[GIVEN RECORDS]:
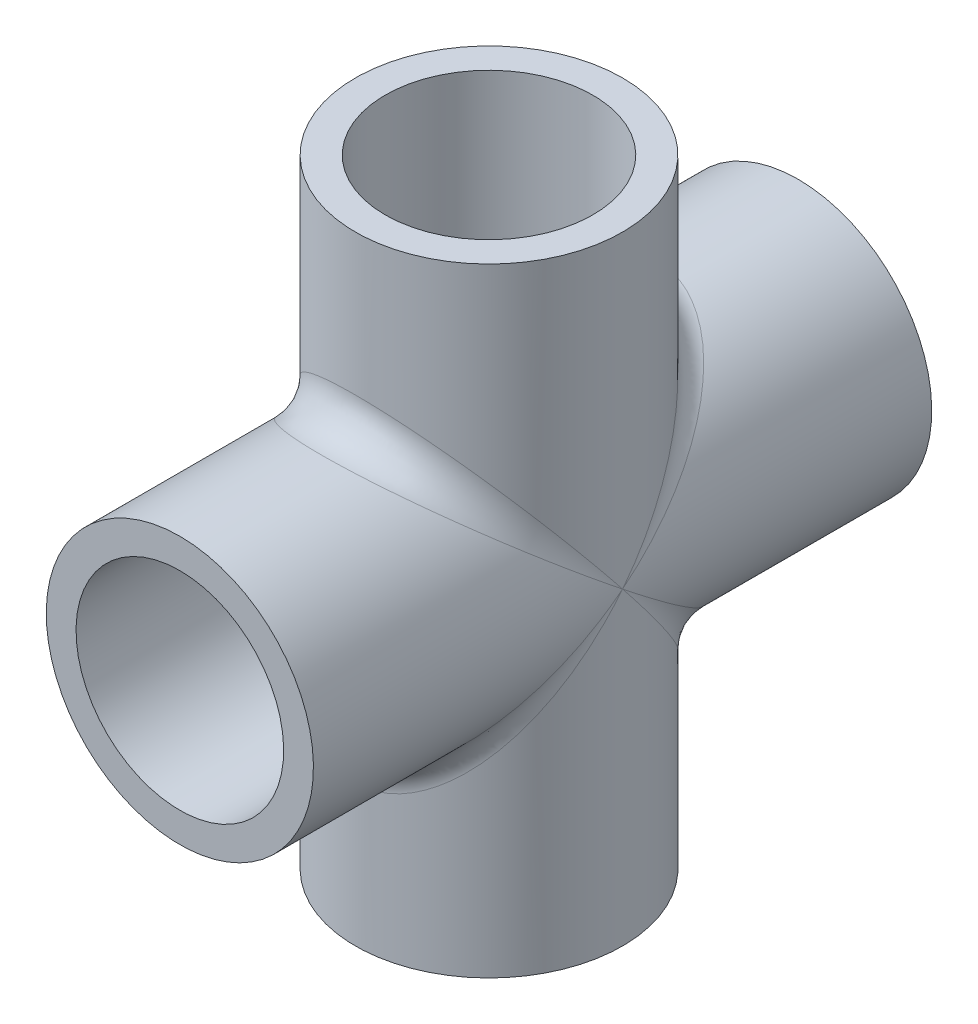
SolidWorks part; units mm, degrees
ref_plane "Front Plane" through (0, 0, 0) normal (0, 0, 1) x (1, 0, 0)
ref_plane "Top Plane" through (0, 0, 0) normal (0, 1, 0) x (1, 0, 0)
ref_plane "Right Plane" through (0, 0, 0) normal (1, 0, 0) x (0, 0, -1)
sketch "Sketch1" plane through (0, 0, 0) normal (1, 0, 0) x (0, 0, -1)
  line L0 (0, 0) -> (-32.1469, 0) construction
  line L1 (0, 0) -> (32.1469, 0) construction
  line L2 (0, 0) -> (0, 32.1469) construction
  line L3 (-13.4937, -7.8994) -> (-13.4938, 7.8994) construction
  line L4 (-7.8994, 13.4937) -> (7.8994, 13.4937) construction
  line L5 (13.4937, -7.8994) -> (13.4937, 7.8994) construction
  line L6 (-32.1469, -13.8906) -> (-32.1469, 13.8906) construction
  line L7 (32.1469, -13.8906) -> (32.1469, 13.8906) construction
  line L8 (13.8906, 32.1469) -> (-13.8906, 32.1469) construction
  line L9 (-13.4938, 7.8994) -> (-32.1469, 7.8994) construction
  line L10 (-7.8994, 13.4937) -> (-7.8994, 32.1469) construction
  line L11 (13.4937, 7.8994) -> (32.1469, 7.8994) construction
  line L12 (-22.8203, -10.795) -> (-22.8203, 10.795) construction
  line L13 (-10.795, 22.8203) -> (10.795, 22.8203) construction
  line L14 (22.8203, -10.795) -> (22.8203, 10.795) construction
  line L15 (0, 0) -> (0, -32.1469) construction
  line L16 (-13.8906, -32.1469) -> (13.8906, -32.1469) construction
  line L17 (-7.8994, -13.4938) -> (7.8994, -13.4937) construction
  line L18 (-10.795, -22.8203) -> (10.795, -22.8203) construction
  line L19 (7.8994, -13.4937) -> (7.8994, -32.1469) construction
  point P4 (0, 0)
  point P10 (-13.4937, 0)
  point P13 (0, 13.4937)
  point P16 (13.4937, 0)
  point P19 (-32.1469, 0)
  point P22 (32.1469, 0)
  point P25 (0, 32.1469)
  point P27 (-22.8203, 7.8994)
  point P31 (-22.8203, 0)
  point P34 (0, 22.8203)
  point P37 (22.8203, 0)
  point P38 (-7.8994, 22.8203)
  point P39 (22.8203, 7.8994)
  point P42 (0, -32.1469)
  point P46 (0, -13.4937)
  point P49 (0, -22.8203)
  point P50 (7.8994, -22.8203)
  dimension "Horz Leg Length" = 32.1469
  dimension "Vert Leg Length" = 32.1469
  dimension "Horz Length" = 64.2938
  dimension "Horz Center to Socket" = 13.4937
  dimension "D1" = 13.4937
  dimension "Vert Center to Socket" = 13.4937
  dimension "Pipe ID" = 15.7988
  dimension "Tee OD" = 27.7812
  dimension "For Pipe OD" = 21.59
  dimension "D2" = 13.4937
  dimension "Vert Length" = 64.2938
sketch "Sketch2" plane through (0, 0, 0) normal (1, 0, 0) x (0, 0, -1)
  line L0 (-32.1469, 13.8906) -> (32.1469, 13.8906)
  line L1 (32.1469, 13.8906) -> (32.1469, 0)
  line L2 (32.1469, -13.8906) -> (32.1469, 13.8906) construction
  line L8 (-32.1469, -13.8906) -> (-32.1469, 13.8906) construction
  line L9 (-32.1469, 0) -> (-32.1469, 13.8906)
  line L10 (-32.1469, 0) -> (32.1469, 0)
revolve "Revolve1" add sketch "Sketch2" angle 360 about L0
sketch "Sketch3" plane through (0, 0, 0) normal (1, 0, 0) x (0, 0, -1)
  line L0 (0, 32.1469) -> (13.8906, 32.1469)
  line L1 (13.8906, 32.1469) -> (13.8906, -32.1469)
  line L3 (13.8906, -32.1469) -> (0, -32.1469)
  line L4 (0, -32.1469) -> (0, 32.1469)
revolve "Revolve2" add sketch "Sketch3" angle 360 about L2
sketch "Sketch4" plane through (0, 0, 0) normal (1, 0, 0) x (0, 0, -1)
  line L0 (-32.1469, 10.795) -> (-13.4938, 10.795)
  line L1 (-32.1469, -13.8906) -> (-32.1469, 13.8906) construction
  line L2 (-13.4938, 10.795) -> (-13.4938, 7.8994)
  line L3 (-13.4938, 7.8994) -> (13.4937, 7.8994)
  line L4 (13.4937, 7.8994) -> (13.4937, 10.795)
  line L5 (13.4937, 10.795) -> (32.1469, 10.795)
  line L6 (32.1469, -13.8906) -> (32.1469, 13.8906) construction
  line L7 (32.1469, 10.795) -> (32.1469, 0)
  line L8 (32.1469, 0) -> (-32.1469, 0)
  line L9 (-32.1469, 0) -> (-32.1469, 10.795)
revolve "Cut-Revolve1" cut sketch "Sketch4" angle 360 about L8
sketch "Sketch5" plane through (0, 0, 0) normal (1, 0, 0) x (0, 0, -1)
  line L0 (0, 32.1469) -> (0, -32.1469)
  line L1 (13.8906, 32.1469) -> (-13.8906, 32.1469) construction
  line L3 (0, -32.1469) -> (-10.795, -32.1469)
  line L5 (-7.8994, -13.4938) -> (-7.8994, 13.4937)
  line L6 (-7.8994, 13.4937) -> (-10.795, 13.4937)
  line L7 (-10.795, 13.4937) -> (-10.795, 32.1469)
  line L8 (-10.795, 32.1469) -> (0, 32.1469)
  line L9 (-13.8906, -32.1469) -> (13.8906, -32.1469) construction
  line L10 (-10.795, -32.1469) -> (-10.795, -13.4938)
  line L11 (-10.795, -13.4938) -> (-7.8994, -13.4938)
revolve "Cut-Revolve2" cut sketch "Sketch5" angle 360 about L0
fillet "Fillet1" radius 3.5847 4 edges at (0, -13.8906, -13.8906) (0, -13.8906, 13.8906) (0, 13.8906, 13.8906) (0, 13.8906, -13.8906)
sketch "Sketch6" plane through (0, 0, 0) normal (1, 0, 0) x (0, 0, -1)
  line L0 (-32.1469, 10.795) -> (-13.4938, 10.795)
  line L1 (-32.1469, -13.8906) -> (-32.1469, 13.8906) construction
  line L2 (-13.4938, 10.795) -> (-13.4938, 7.8994)
  line L3 (-13.4938, 7.8994) -> (-7.8994, 7.8994)
  line L4 (-7.8994, 7.8994) -> (-7.8994, 13.4937)
  line L5 (-7.8994, 13.4937) -> (-10.795, 13.4937)
  line L6 (-10.795, 13.4937) -> (-10.795, 32.1469)
  line L7 (13.8906, 32.1469) -> (-13.8906, 32.1469) construction
  line L8 (-13.4937, -7.8994) -> (-7.8994, -7.8994)
  line L9 (13.4937, -7.8994) -> (13.4937, -10.795)
  line L10 (13.4937, -10.795) -> (32.1469, -10.795)
  line L11 (32.1469, -13.8906) -> (32.1469, 13.8906) construction
  line L12 (-13.4937, -7.8994) -> (-13.4937, -10.795)
  line L13 (-13.4937, -10.795) -> (-32.1469, -10.795)
  line L14 (32.1469, 10.795) -> (13.4937, 10.795)
  line L15 (13.4937, 10.795) -> (13.4937, 7.8994)
  line L16 (13.4937, 7.8994) -> (7.8994, 7.8994)
  line L17 (7.8994, 7.8994) -> (7.8994, 13.4937)
  line L18 (7.8994, 13.4937) -> (10.795, 13.4938)
  line L19 (10.795, 13.4938) -> (10.795, 32.1469)
  line L20 (-7.8994, -13.4938) -> (-7.8994, -7.8994)
  line L21 (7.8994, -13.4937) -> (7.8994, -7.8994)
  line L22 (10.795, -32.1469) -> (10.795, -13.4937)
  line L23 (-13.8906, -32.1469) -> (13.8906, -32.1469) construction
  line L24 (10.795, -13.4937) -> (7.8994, -13.4937)
  line L25 (-10.795, -32.1469) -> (-10.795, -13.4938)
  line L26 (-10.795, -13.4938) -> (-7.8994, -13.4938)
  line L27 (7.8994, -7.8994) -> (13.4937, -7.8994)
sketch "Sketch7" plane through (0, 0, 32.1469) normal (0, 0, 1) x (1, 0, 0)
  circle A0 centre (0, 0) radius 10.795 construction
  circle A1 centre (0, 0) radius 10.795
  point P3 (0, -10.795)
  point P4 (10.795, 0)
  point P5 (-10.795, 0)
  point P6 (0, 10.795)
equation "\"D1@Fillet1\"=\"Tee OD@Sketch1\"*0.1290322581"
equation "\"D2@Sketch1\"=\"Vert Center to Socket@Sketch1\""
equation "\"Horz Leg Length@Sketch1\" = \"Horz Length@Sketch1\" / 2"
equation "\"Vert Leg Length@Sketch1\"=\"Vert Length@Sketch1\"/2"
equation "\"D1@Sketch1\"=\"Horz Center to Socket@Sketch1\""

[INSTRUCTIONS TO FOLLOW]:
Filter the data above down to lines with the word "circle", and copy them.

[EXPECTED ANSWER]:
  circle A0 centre (0, 0) radius 10.795 construction
  circle A1 centre (0, 0) radius 10.795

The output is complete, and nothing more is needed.